PIL E CONTI PUBBLICI
Il Rapporto annuale dell’Istat lancia l’allarme Pil perché, secondo la nuova stima presentata, “la probabilità di contrazione nel secondo trimestre è relativamente elevata”. “La stima effettuata – ha chiarito Roberto Monducci, direttore del dipartimento per la produzione statistica – ha indicato che la probabilità di contrazione del Pil nel secondo trimestre è relativamente elevata: 0,65 su una scala che ha valore zero per la situazione di espansione e valore 1 per quella di contrazione dell’economia”. Dunque, c’è il 65% di possibilità che il Pil scenda. Sul fronte dei conti pubblici si nota che l’Italia ha “proseguito il percorso di riequilibrio” ma con progressi “non sufficienti ad arrestare la dinamica del debito”.
L’ITALIA CHE LAVORA
Nel Paese si rileva una dinamica positiva dell’occupazione femminile accompagnata però a una riduzione della stabilità e delle ore lavorate. Delle 492 mila occupate in più tra il 2013 e il 2018, spiega l’Istat, il 40,4% svolge un lavoro part-time involontario e la partecipazione femminile al mercato del lavoro rimane ancora legata al ruolo ricoperto in famiglia. Infatti, sebbene il tasso di occupazione femminile sia cresciuto di tre punti percentuali tra il 2013 e il 2018, l’aumento è stato più basso (+1,5%) per le donne tra 25 e 49 anni, ovvero la fascia di età in cui si registra la maggiore concentrazione di madri con figli minori. Del resto, dal Rapporto annuale si viene a sapere che “il 66,6% dell’impegno di cura è garantito dalle donne, spesso a discapito della partecipazione al mercato del lavoro retribuito”.

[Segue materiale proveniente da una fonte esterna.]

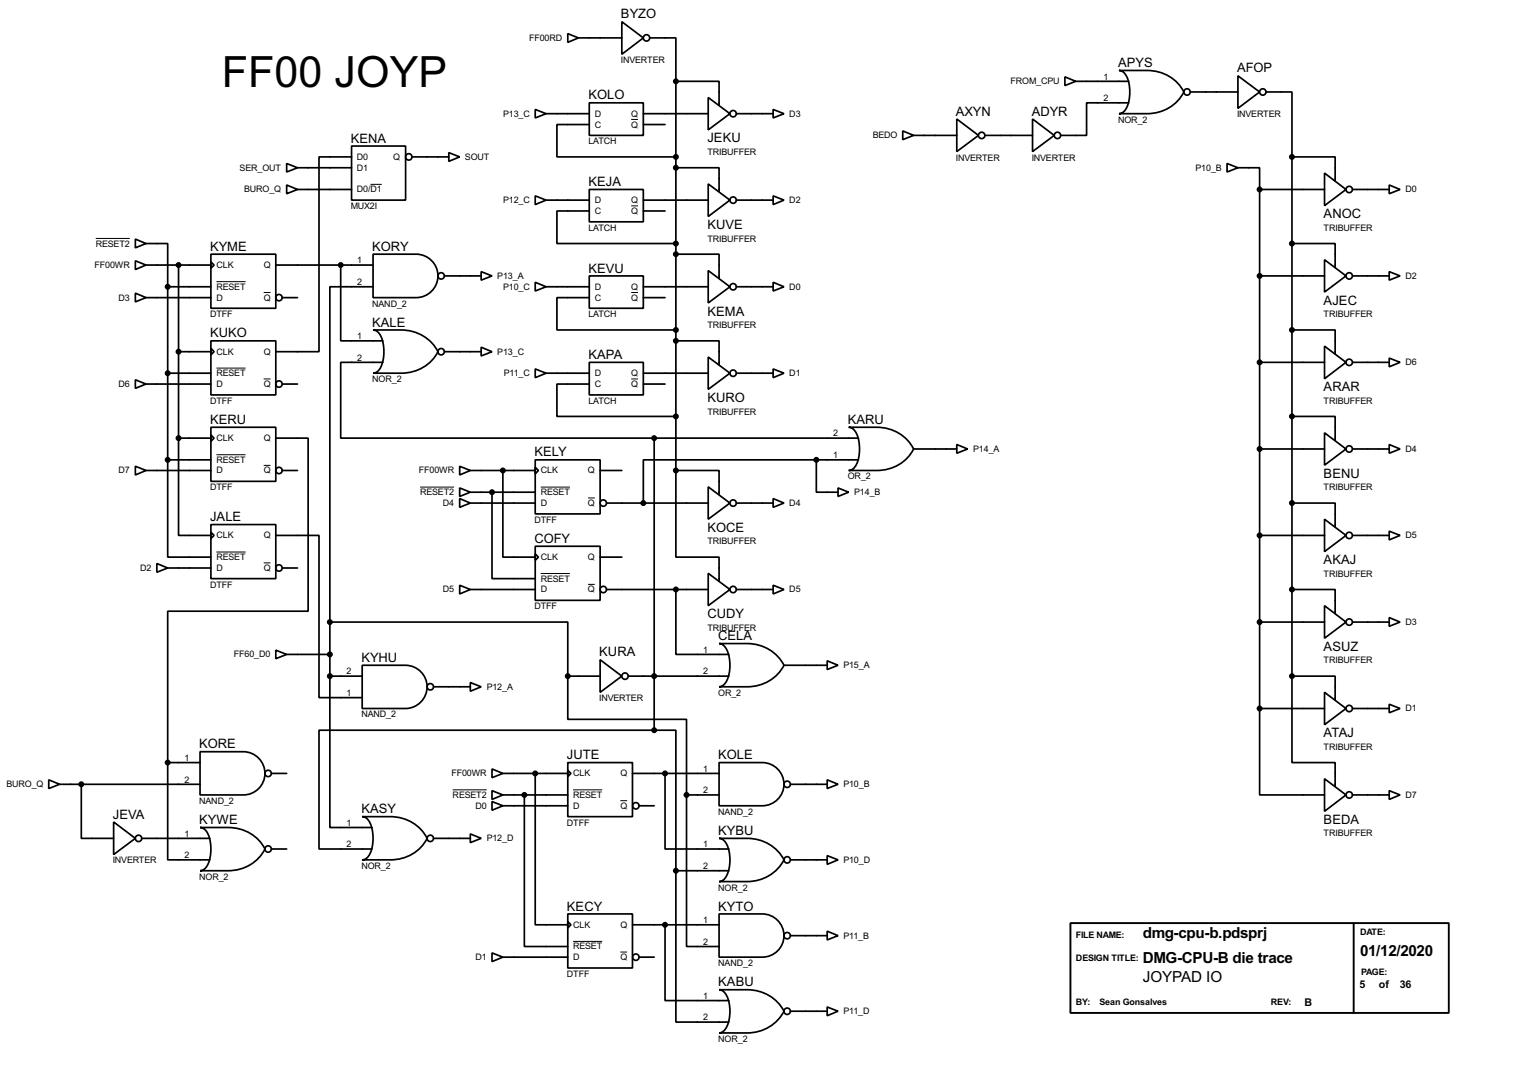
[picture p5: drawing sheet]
<svg xmlns="http://www.w3.org/2000/svg" width="358mm" height="256mm" viewBox="0 0 358 256" stroke-linecap="round" stroke-linejoin="round" font-family="sans-serif">
<g fill="none" stroke="#000" stroke-width=".4">
<path d="M133.4 7.9l2.5 1-2.5 1.1zM135.9 8.9h10.2M146.1 5.1l5.1 3.8-5.1 3.9zM152.7 8.9h6.1v10.2M158.8 19.1h10.2v5.6M158.8 19.1v91.4M250.2 18.1l2.6 1-2.6 1zM252.8 19.1h12.4M262.9 16.6h6.6a9.5 9.5 0 0 1 8.7 5 9.5 9.5 0 0 1-8.7 5.1h-6.6a3.2 3.2 0 0 0 2.4-3.1 7.7 7.7 0 0 0-1.3-6.6zM290.9 17.8l5.1 3.8-5.1 3.9zM67.4 38.4l2.5 1-2.5 1zM69.9 39.4h12.7"/>
<path d="M82.6 34.3h12.7v12.7h-12.7zM82.6 36.9h-7.6v45.7h-10.2M96.8 36.9h8.7M105.5 35.9l2.5 1-2.5 1zM125.8 25.7l2.5 1-2.5 1zM128.3 26.7h10.2M138.5 24.2h12.7v7.6h-12.7zM138.5 29.3h-7.6v7.6h27.9M151.2 26.7h15.2M151.2 29.3h5.1M158.8 39.4h10.2v5.6M166.4 22.9l5.1 3.8-5.1 3.8z"/>
<path d="M173 26.7h8.7M181.7 25.7l2.5 1-2.5 1zM212.1 30.8l2.6 1-2.6 1zM214.7 31.8h10.1M224.8 28l5.1 3.8-5.1 3.8zM231.4 31.8h11.2M242.6 28l5.1 3.8-5.1 3.8zM265.2 24.2h-9.9v7.6h-6.1M279.7 21.6h11.2M288.3 38.4l2.6 1-2.6 1zM290.9 39.4h5.1v5.1M297.5 21.6h6.1v15.3"/>
<path d="M303.6 36.9h10.1v5.6M303.6 36.9v121.9M31.8 56.2l2.5 1-2.5 1zM34.3 57.2h5.1v10.2M49.6 59.7h15.2v12.7h-15.2zM67.4 43.5l2.5 1-2.5 1zM69.9 44.5h12.7M87.7 59.7h10.1a5.1 5.1 0 0 1 5.1 5.1 5.1 5.1 0 0 1-5.1 5.1h-10.1zM125.8 46l2.5 1-2.5 1.1zM128.3 47h10.2M138.5 44.5h12.7v7.6h-12.7zM138.5 49.6h-7.6v7.6h27.9"/>
<path d="M151.2 47h15.2M151.2 49.6h5.1M158.8 59.7h10.2v5.6M166.4 43.2l5.1 3.8-5.1 3.9zM173 47h8.7M181.7 46l2.5 1-2.5 1.1zM296 44.5h15.2M296 44.5v121.9M303.6 57.2h10.1v5.6M311.2 40.7l5.1 3.8-5.1 3.8zM317.8 44.5h8.6M326.4 43.5l2.6 1-2.6 1z"/>
<path d="M31.8 68.9l2.5 1-2.5 1zM31.8 61.3l2.5 1-2.5 1zM34.3 69.9h15.3M34.3 62.3h15.3M39.4 67.4h10.2M39.4 67.4v40.6M42 62.3v40.6M49.6 61.5l.7 .8-.7 .7zM64.8 62.3h22.9M66.3 69.9h3.6M80.1 62.3v17.8h9.9M87.7 77.5h6.6a9.6 9.6 0 0 1 8.6 5.1 9.5 9.5 0 0 1-8.6 5.1h-6.6a3.2 3.2 0 0 0 2.3-3.2 7.8 7.8 0 0 0-1.3-6.6z"/>
<path d="M87.7 67.4h-10.2v78.7M104.4 64.8h8.7M113.1 63.8l2.5 1-2.5 1zM125.8 66.3l2.5 1.1-2.5 1zM128.3 67.4h10.2M138.5 64.8h12.7v7.6h-12.7zM138.5 69.9h-7.6v7.6h27.9M151.2 67.4h15.2M151.2 69.9h5.1M166.4 63.6l5.1 3.8-5.1 3.8zM173 67.4h8.7M181.7 66.3l2.5 1.1-2.5 1z"/>
<path d="M296 64.8h15.2M303.6 77.5h10.1v5.6M311.2 61l5.1 3.8-5.1 3.8zM317.8 64.8h8.6M326.4 63.8l2.6 1-2.6 1zM31.8 89.2l2.5 1-2.5 1zM34.3 90.2h15.3M39.4 87.7h10.2M42 82.6h7.6M49.6 80.1h15.2v12.7h-15.2zM49.6 81.8l.7 .8-.7 .8zM66.3 90.2h3.6"/>
<path d="M90 85.1h-9.9v17.8h73.6M104.4 82.6h8.7M113.1 81.6l2.5 1-2.5 1zM125.8 86.7l2.5 1-2.5 1zM128.3 87.7h10.2M138.5 85.1h12.7v7.7h-12.7zM138.5 90.2h-7.6v7.6h27.9M151.2 87.7h15.2M151.2 90.2h5.1M158.8 80.1h10.2v5.6M166.4 83.9l5.1 3.8-5.1 3.8zM173 87.7h8.7"/>
<path d="M181.7 86.7l2.5 1-2.5 1zM296 85.1h15.2M303.6 97.8h10.1v5.6M311.2 81.3l5.1 3.8-5.1 3.9zM317.8 85.1h8.6M326.4 84.1l2.6 1-2.6 1.1zM31.8 109.5l2.5 1-2.5 1.1zM34.3 110.5h15.3M39.4 108v22.9h10.2M39.4 108h10.2M42 102.9v22.9h7.6M42 102.9h7.6"/>
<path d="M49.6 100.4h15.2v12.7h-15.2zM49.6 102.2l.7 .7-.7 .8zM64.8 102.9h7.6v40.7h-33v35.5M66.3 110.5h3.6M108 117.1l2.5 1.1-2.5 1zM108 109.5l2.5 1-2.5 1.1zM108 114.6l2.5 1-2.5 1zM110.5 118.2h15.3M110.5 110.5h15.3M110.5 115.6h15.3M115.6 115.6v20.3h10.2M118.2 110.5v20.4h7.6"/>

Dando uno sguardo al futuro, l’istituto di statistica avverte che “nel 2050, la quota dei 15-64enni potrà scendere al 54,2% del totale, circa dieci punti percentuali in meno rispetto a oggi”. Tradotto, ci saranno oltre 6 milioni di persone in meno nella popolazione in età da lavoro.
COS’HA DETTO BLANGIARDO
Per il numero uno dell’Istat il nostro Paese è una “realtà composita, eterogenea, bellissima e contraddittoria. È una terra ricca di tesori, arte e bellezza” così come “una nazione ricca di problemi irrisolti, talvolta a seguito di alcune eredità, una per tutti quella del tema ricorrente circa il ‘debito pubblico’, che certo avremmo preferito acquisire con ‘beneficio di inventario'”. Rimanendo in tema economico Blangiardo ha rilevato che “fino al secolo scorso la componente demografica ha mostrato segnali di vitalità e ha spesso fornito un impulso alla crescita del Paese anche sul piano economico” mentre “oggi potrebbe svolgere, al contrario, un effetto frenante”. In un tale contesto, ha aggiunto, “viene da chiedersi se siamo (e saremo ancora) un popolo che guarda avanti e investe sul suo futuro o se invece dobbiamo perlopiù sentirci destinati a gestire il presente”. “La partita economica è in corso, possiamo anche vincerla. Facciamo in modo di vincerla” è l’auspicio espresso dal presidente.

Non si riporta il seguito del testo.